Here’s our relevant config:

gitlab_rails['gitlab_kas_enabled'] = true
gitlab_rails['gitlab_kas_internal_url'] = 'grpc://localhost:8153'
gitlab_rails['gitlab_kas_external_k8s_proxy_url'] = 'https://<hostname>/-/kubernetes-agent/'
gitlab_rails['gitlab_kas_external_url'] = 'wss://<hostname>/-/kubernetes-agent/'
gitlab_kas_external_url "wss://<hostname>/-/kubernetes-agent/"
gitlab_kas['enable'] = true
gitlab_kas['log_level'] = 'info'
gitlab_kas['grpc_log_level'] = 'info'
gitlab_kas['gitlab_address'] = 'http://127.0.0.1:8080'
gitlab_kas['listen_address'] = 'localhost:8150'
gitlab_kas['listen_network'] = 'tcp'
gitlab_kas['listen_websocket'] = true

Notably, we’re not even at the point of connecting an agent. Just trying to get a registration token to begin that process. This seems like an internal to gitlab issue.

graphql errors:

If helpful, The graphql query getAgents that occurs when I go to my projects -/clusters url returns a list of ‘agents’ we’ve created and a bunch of the following errors:

    "errors": [
        {
            "message": "GRPC::Unimplemented",
            "locations": [
                {
                    "line": 56,
                    "column": 3
                }
            ],
            "path": [
                "project",
                "clusterAgents",
                "nodes",
                0,
                "connections"
            ]
        },

What I’d like to see

I’d like to be able to register an agent but can’t get a registration token.

Versions

  • Self-managed
    We’re using 16.11.1-ee. Omnibus Linux Package. License is Premium. Single node installation.

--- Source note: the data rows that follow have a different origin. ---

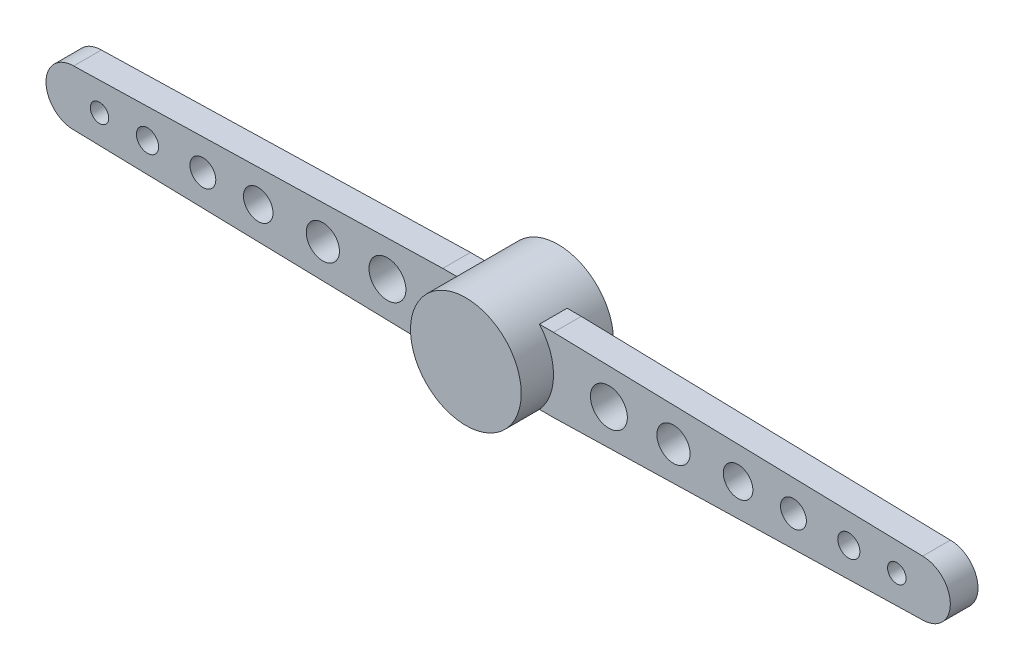
ISO-10303-21;
HEADER;
FILE_DESCRIPTION(('STEP AP214'),'2;1');
FILE_NAME('part.step','',(''),(''),'','','');
FILE_SCHEMA(('AUTOMOTIVE_DESIGN { 1 0 10303 214 1 1 1 1 }'));
ENDSEC;
DATA;
#1=APPLICATION_CONTEXT('core data for automotive mechanical design processes');
#2=APPLICATION_PROTOCOL_DEFINITION('international standard','automotive_design',2000,#1);
#3=PRODUCT_CONTEXT('',#1,'mechanical');
#4=PRODUCT('Part','Part','',(#3));
#5=PRODUCT_RELATED_PRODUCT_CATEGORY('part','',(#4));
#6=PRODUCT_DEFINITION_FORMATION('','',#4);
#7=PRODUCT_DEFINITION_CONTEXT('part definition',#1,'design');
#8=PRODUCT_DEFINITION('design','',#6,#7);
#9=PRODUCT_DEFINITION_SHAPE('','',#8);
#10=(LENGTH_UNIT() NAMED_UNIT(*) SI_UNIT(.MILLI.,.METRE.));
#11=(NAMED_UNIT(*) PLANE_ANGLE_UNIT() SI_UNIT($,.RADIAN.));
#12=(NAMED_UNIT(*) SI_UNIT($,.STERADIAN.) SOLID_ANGLE_UNIT());
#13=UNCERTAINTY_MEASURE_WITH_UNIT(LENGTH_MEASURE(1.E-05),#10,'distance_accuracy_value','');
#14=(GEOMETRIC_REPRESENTATION_CONTEXT(3) GLOBAL_UNCERTAINTY_ASSIGNED_CONTEXT((#13)) GLOBAL_UNIT_ASSIGNED_CONTEXT((#10,
#11,#12)) REPRESENTATION_CONTEXT('',''));
#15=CARTESIAN_POINT('',(0.,0.,0.));
#16=DIRECTION('',(0.,0.,1.));
#17=DIRECTION('',(1.,0.,0.));
#18=AXIS2_PLACEMENT_3D('',#15,#16,#17);
#19=CARTESIAN_POINT('',(0.,0.,2.5));
#20=DIRECTION('',(0.,0.,-1.));
#21=DIRECTION('',(-1.,0.,0.));
#22=AXIS2_PLACEMENT_3D('',#19,#20,#21);
#23=CYLINDRICAL_SURFACE('',#22,1.5);
#24=CARTESIAN_POINT('',(0.,0.,0.));
#25=DIRECTION('',(0.,0.,1.));
#26=DIRECTION('',(1.,0.,0.));
#27=AXIS2_PLACEMENT_3D('',#24,#25,#26);
#28=CIRCLE('',#27,1.5);
#29=CARTESIAN_POINT('',(1.5,0.,0.));
#30=VERTEX_POINT('',#29);
#31=EDGE_CURVE('E182',#30,#30,#28,.T.);
#32=ORIENTED_EDGE('',*,*,#31,.T.);
#33=EDGE_LOOP('',(#32));
#34=FACE_BOUND('',#33,.T.);
#35=CARTESIAN_POINT('',(0.,0.,2.5));
#36=DIRECTION('',(0.,0.,1.));
#37=DIRECTION('',(1.,0.,0.));
#38=AXIS2_PLACEMENT_3D('',#35,#36,#37);
#39=CIRCLE('',#38,1.5);
#40=CARTESIAN_POINT('',(1.5,0.,2.5));
#41=VERTEX_POINT('',#40);
#42=EDGE_CURVE('E185',#41,#41,#39,.T.);
#43=ORIENTED_EDGE('',*,*,#42,.F.);
#44=EDGE_LOOP('',(#43));
#45=FACE_BOUND('',#44,.T.);
#46=CARTESIAN_POINT('',(0.,0.,1.625));
#47=DIRECTION('',(0.,0.,1.));
#48=DIRECTION('',(1.,0.,0.));
#49=AXIS2_PLACEMENT_3D('',#46,#47,#48);
#50=CIRCLE('',#49,1.5);
#51=CARTESIAN_POINT('',(-1.1180339887499,-1.,1.625));
#52=VERTEX_POINT('',#51);
#53=CARTESIAN_POINT('',(-1.1180339887499,1.,1.625));
#54=VERTEX_POINT('',#53);
#55=EDGE_CURVE('E168',#52,#54,#50,.F.);
#56=ORIENTED_EDGE('',*,*,#55,.F.);
#57=DIRECTION('',(0.,0.,-1.));
#58=VECTOR('',#57,1.);
#59=CARTESIAN_POINT('',(-1.1180339887499,-1.,2.5));
#60=LINE('',#59,#58);
#61=CARTESIAN_POINT('',(-1.1180339887499,-1.,0.875));
#62=VERTEX_POINT('',#61);
#63=EDGE_CURVE('E139',#62,#52,#60,.F.);
#64=ORIENTED_EDGE('',*,*,#63,.F.);
#65=CARTESIAN_POINT('',(0.,0.,0.875));
#66=DIRECTION('',(0.,0.,-1.));
#67=DIRECTION('',(-1.,0.,0.));
#68=AXIS2_PLACEMENT_3D('',#65,#66,#67);
#69=CIRCLE('',#68,1.5);
#70=CARTESIAN_POINT('',(-1.1180339887499,1.,0.875));
#71=VERTEX_POINT('',#70);
#72=EDGE_CURVE('E146',#71,#62,#69,.F.);
#73=ORIENTED_EDGE('',*,*,#72,.F.);
#74=DIRECTION('',(0.,0.,-1.));
#75=VECTOR('',#74,1.);
#76=CARTESIAN_POINT('',(-1.1180339887499,1.,2.5));
#77=LINE('',#76,#75);
#78=EDGE_CURVE('E175',#54,#71,#77,.T.);
#79=ORIENTED_EDGE('',*,*,#78,.F.);
#80=EDGE_LOOP('',(#56,#64,#73,#79));
#81=FACE_BOUND('',#80,.T.);
#82=DIRECTION('',(0.,0.,-1.));
#83=VECTOR('',#82,1.);
#84=CARTESIAN_POINT('',(1.1180339887499,1.,2.5));
#85=LINE('',#84,#83);
#86=CARTESIAN_POINT('',(1.1180339887499,1.,1.625));
#87=VERTEX_POINT('',#86);
#88=CARTESIAN_POINT('',(1.1180339887499,1.,0.875));
#89=VERTEX_POINT('',#88);
#90=EDGE_CURVE('E151',#87,#89,#85,.T.);
#91=ORIENTED_EDGE('',*,*,#90,.T.);
#92=CARTESIAN_POINT('',(0.,0.,0.875));
#93=DIRECTION('',(0.,0.,1.));
#94=DIRECTION('',(1.,0.,0.));
#95=AXIS2_PLACEMENT_3D('',#92,#93,#94);
#96=CIRCLE('',#95,1.5);
#97=CARTESIAN_POINT('',(1.1180339887499,-1.,0.875));
#98=VERTEX_POINT('',#97);
#99=EDGE_CURVE('E53',#89,#98,#96,.F.);
#100=ORIENTED_EDGE('',*,*,#99,.T.);
#101=DIRECTION('',(0.,0.,-1.));
#102=VECTOR('',#101,1.);
#103=CARTESIAN_POINT('',(1.1180339887499,-1.,2.5));
#104=LINE('',#103,#102);
#105=CARTESIAN_POINT('',(1.1180339887499,-1.,1.625));
#106=VERTEX_POINT('',#105);
#107=EDGE_CURVE('E193',#98,#106,#104,.F.);
#108=ORIENTED_EDGE('',*,*,#107,.T.);
#109=CARTESIAN_POINT('',(0.,0.,1.625));
#110=DIRECTION('',(0.,0.,-1.));
#111=DIRECTION('',(-1.,0.,0.));
#112=AXIS2_PLACEMENT_3D('',#109,#110,#111);
#113=CIRCLE('',#112,1.5);
#114=EDGE_CURVE('E60',#106,#87,#113,.F.);
#115=ORIENTED_EDGE('',*,*,#114,.T.);
#116=EDGE_LOOP('',(#91,#100,#108,#115));
#117=FACE_BOUND('',#116,.T.);
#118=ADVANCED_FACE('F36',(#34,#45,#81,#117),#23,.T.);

Any help would be greatly appreciated!

Hello,

Same here, the agent page is blank, and response from GraphQL request is full of “GRPC::Unimplemented”, same path as original post.

Gitlab Omnibus, v16.11.1-ee, Premium

Thanks

Replying to myself:

explanation and workaround here:

The workaround did in fact work. Also was fixed in 16.11.2!